On the basis of these views, republican legitimism argued that:
- all Irish parliaments convened since the Second Dáil in 1921 are illegitimate as they were established by a piece of British legislation, the Irish Free State (Agreement) Act 1922.
- The First Dáil passed a resolution which provided that if enemy action ever succeeded in preventing the Dáil from functioning democratically, the Army should have the power to proclaim an Emergency Government;
- the 64 TDs who voted for the Treaty in 1922 had violated their oath to the Irish Republic and abdicated their legitimacy;
- The Second Dáil had never formally dissolved itself.

The pro- and anti-treaty factions of Sinn Féin attempted to present a united block of candidates for the 1922 general election in the 26 counties for the 3rd Dáil; 58 pro-treaty Sinn Féin members were re-elected compared with 36 anti-treaty members. Of these, 17 of the 58 and 16 of the 36 were returned unopposed. Following the outbreak of the Irish Civil War, the Second Dáil was never dissolved. Led by Éamon de Valera and others, the Second Dáil TDs who had voted against the Treaty abstained from the (26-county) Provisional Parliament of the Free State and the subsequent Oireachtas of the Irish Free State. They and their opponents engaged in the Irish Civil War in 1922–23.

Although de Valera had resigned as President of the Republic on 7 January 1922, and had not been re-elected on a very close Dáil vote two days later, a meeting of the IRA Army Executive at Poulatar, Ballybacon on 17 October 1922 adopted a proclamation "reinstating" de Valera as "President of the Republic" and "Chief Executive of the State". The "Emergency Government", as de Valera called it in his autobiography, was established on 25 October 1922.

Members of this Republican government were:
- Éamon de Valera - "President of the Republic" (after his arrest in 1923, substituted by Patrick J. Ruttledge)
- Robert Barton - "Minister for Economic Affairs"
- Liam Mellows - "Minister for Defence"
- Seán T. O'Kelly - "Minister for Local Government"
- P. J. Ruttledge - "Minister of Home Affairs"
- Austin Stack - "Minister of Finance"

De Valera also appointed twelve members of the Second Dáil to act as a Council of State.

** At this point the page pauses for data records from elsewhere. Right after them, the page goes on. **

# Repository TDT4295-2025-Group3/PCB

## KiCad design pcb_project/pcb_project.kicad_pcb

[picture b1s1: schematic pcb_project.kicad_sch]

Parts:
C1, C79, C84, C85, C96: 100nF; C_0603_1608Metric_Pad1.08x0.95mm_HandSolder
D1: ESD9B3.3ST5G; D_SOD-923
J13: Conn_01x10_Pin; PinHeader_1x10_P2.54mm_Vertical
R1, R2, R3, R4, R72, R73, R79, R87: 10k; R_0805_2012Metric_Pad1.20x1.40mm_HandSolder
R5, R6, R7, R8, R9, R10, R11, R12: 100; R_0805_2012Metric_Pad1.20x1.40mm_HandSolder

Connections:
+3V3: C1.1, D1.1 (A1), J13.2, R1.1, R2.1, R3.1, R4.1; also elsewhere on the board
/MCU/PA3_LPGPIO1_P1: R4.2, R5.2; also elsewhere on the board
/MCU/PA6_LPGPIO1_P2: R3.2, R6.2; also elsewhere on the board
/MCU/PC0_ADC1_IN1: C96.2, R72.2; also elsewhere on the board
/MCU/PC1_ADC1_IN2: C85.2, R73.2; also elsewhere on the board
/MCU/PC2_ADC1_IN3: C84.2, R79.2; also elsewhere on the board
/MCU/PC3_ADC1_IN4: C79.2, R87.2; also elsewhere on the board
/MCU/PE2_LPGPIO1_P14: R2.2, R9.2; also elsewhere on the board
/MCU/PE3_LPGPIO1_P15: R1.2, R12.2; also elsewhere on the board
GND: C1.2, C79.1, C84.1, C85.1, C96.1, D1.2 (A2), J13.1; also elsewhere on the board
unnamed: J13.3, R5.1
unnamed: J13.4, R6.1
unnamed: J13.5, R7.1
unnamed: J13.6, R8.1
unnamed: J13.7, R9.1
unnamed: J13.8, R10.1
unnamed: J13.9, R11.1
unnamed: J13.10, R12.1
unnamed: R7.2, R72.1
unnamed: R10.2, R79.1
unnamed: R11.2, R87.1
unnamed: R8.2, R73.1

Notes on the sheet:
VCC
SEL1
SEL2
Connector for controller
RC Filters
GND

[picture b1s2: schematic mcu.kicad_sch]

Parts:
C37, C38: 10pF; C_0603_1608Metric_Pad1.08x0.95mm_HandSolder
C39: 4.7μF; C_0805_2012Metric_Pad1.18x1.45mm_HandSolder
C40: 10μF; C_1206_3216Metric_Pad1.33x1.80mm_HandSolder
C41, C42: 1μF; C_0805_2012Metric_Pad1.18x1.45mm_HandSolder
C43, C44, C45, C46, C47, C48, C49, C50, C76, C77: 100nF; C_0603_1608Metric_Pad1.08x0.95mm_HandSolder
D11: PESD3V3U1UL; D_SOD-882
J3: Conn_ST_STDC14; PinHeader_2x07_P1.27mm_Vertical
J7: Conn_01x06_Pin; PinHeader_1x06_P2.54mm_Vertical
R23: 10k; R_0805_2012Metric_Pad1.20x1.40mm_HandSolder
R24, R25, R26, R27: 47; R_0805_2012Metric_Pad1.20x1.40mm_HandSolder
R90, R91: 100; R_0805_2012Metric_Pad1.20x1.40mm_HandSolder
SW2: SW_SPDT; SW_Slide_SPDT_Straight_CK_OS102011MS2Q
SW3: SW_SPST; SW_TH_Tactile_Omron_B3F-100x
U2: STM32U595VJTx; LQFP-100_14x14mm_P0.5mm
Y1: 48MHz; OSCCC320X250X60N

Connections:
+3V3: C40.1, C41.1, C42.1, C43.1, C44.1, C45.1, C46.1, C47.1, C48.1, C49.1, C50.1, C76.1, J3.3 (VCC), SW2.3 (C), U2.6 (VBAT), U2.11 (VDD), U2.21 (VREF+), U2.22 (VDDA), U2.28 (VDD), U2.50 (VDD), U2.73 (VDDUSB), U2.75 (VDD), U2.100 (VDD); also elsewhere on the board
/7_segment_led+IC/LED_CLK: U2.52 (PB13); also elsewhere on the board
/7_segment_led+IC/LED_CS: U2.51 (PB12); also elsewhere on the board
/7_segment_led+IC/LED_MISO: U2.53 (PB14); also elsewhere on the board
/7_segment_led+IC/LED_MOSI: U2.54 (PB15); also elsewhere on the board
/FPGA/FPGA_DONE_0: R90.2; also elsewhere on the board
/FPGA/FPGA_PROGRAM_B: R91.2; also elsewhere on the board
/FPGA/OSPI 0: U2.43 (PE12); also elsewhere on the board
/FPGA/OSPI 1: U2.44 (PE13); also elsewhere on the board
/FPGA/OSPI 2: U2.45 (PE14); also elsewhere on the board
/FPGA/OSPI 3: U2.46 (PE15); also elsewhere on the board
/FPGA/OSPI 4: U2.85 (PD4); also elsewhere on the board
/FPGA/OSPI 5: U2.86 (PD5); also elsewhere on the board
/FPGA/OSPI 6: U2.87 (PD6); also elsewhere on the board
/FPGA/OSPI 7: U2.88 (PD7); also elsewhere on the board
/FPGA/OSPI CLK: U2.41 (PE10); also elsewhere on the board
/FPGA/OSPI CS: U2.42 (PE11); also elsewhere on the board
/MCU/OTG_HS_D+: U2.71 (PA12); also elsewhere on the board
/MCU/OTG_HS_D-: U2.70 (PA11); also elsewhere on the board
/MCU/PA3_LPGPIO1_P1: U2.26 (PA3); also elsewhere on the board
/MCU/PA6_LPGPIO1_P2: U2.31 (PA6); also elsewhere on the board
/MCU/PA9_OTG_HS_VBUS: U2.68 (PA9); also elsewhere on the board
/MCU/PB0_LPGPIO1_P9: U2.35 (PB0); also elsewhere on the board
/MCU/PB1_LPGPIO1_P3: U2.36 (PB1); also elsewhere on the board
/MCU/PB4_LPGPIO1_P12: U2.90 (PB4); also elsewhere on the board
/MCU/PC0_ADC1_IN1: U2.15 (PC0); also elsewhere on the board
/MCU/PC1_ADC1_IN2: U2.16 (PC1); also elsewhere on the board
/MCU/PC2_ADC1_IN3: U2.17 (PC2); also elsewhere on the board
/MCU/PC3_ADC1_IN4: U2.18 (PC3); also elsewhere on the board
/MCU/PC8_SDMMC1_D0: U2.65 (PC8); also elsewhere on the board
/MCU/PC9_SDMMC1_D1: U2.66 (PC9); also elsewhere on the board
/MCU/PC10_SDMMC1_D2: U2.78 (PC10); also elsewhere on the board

They were:
- Robert Barton (who had signed the Treaty) — chairman of the Agricultural Credit Corporation from 1934 to 1954
- Michael Colivet — did not join Fianna Fáil, for he refused to take the Oath of Allegiance
- Laurence Ginnell — died 1923
- Mary MacSwiney — signed 1938 statement
- Seán Moylan — joined Fianna Fáil in 1926
- Kathleen O'Callaghan
- Seán Ó Ceallaigh (John J. O'Kelly) — signed 1938 statement
- Seán T. O'Kelly — helped to found Fianna Fáil in 1926
- Seán O'Mahony — remained with Sinn Féin after the 1926 split; died 1934
- Count Plunkett — signed 1938 statement
- P. J. Ruttledge — helped to found Fianna Fáil in 1926
- Austin Stack — remained with Sinn Féin after the 1926 split; died 1929

This "Government of the Republic", however, was unable to assert the authority it claimed to possess. Effectively an internal government-in-exile, one of its first acts was to rescind the ratification of the Anglo-Irish Treaty. It continued to meet even after subsequent elections had been held in jurisdiction of the Free State. Styling themselves Comhairle na dTeachtaí, the members of the rump Second Dáil were joined by anti-Treaty republican TDs elected at subsequent elections. The IRA initially recognised the authority of the rump Second Dáil but increased distrust between the two bodies led the IRA to withdraw its support in 1925.

At the 1926 Sinn Féin Ard Fheis, Éamon de Valera (then president of the party) effectively called for the tactical abandonment of the legitimist argument by proposing that the party accept the Free State constitution and return to electoral politics contingent on the abolition of the Oath of Allegiance to the Crown. Opponents of the proposal, led by Father Michael O'Flanagan and Mary MacSwiney, defeated his motion by a vote of 223 to 218. De Valera subsequently resigned as Sinn Féin president to form a new party, Fianna Fáil, which entered the Dáil of the Irish Free State in 1927, reducing the ranks of this rump Second Dáil even further. From this point onwards, de Valera and his followers were seen as having departed from the principles of republicanism by republican legitimists, who set up Comhairle na Poblachta as a body to popularise its claims.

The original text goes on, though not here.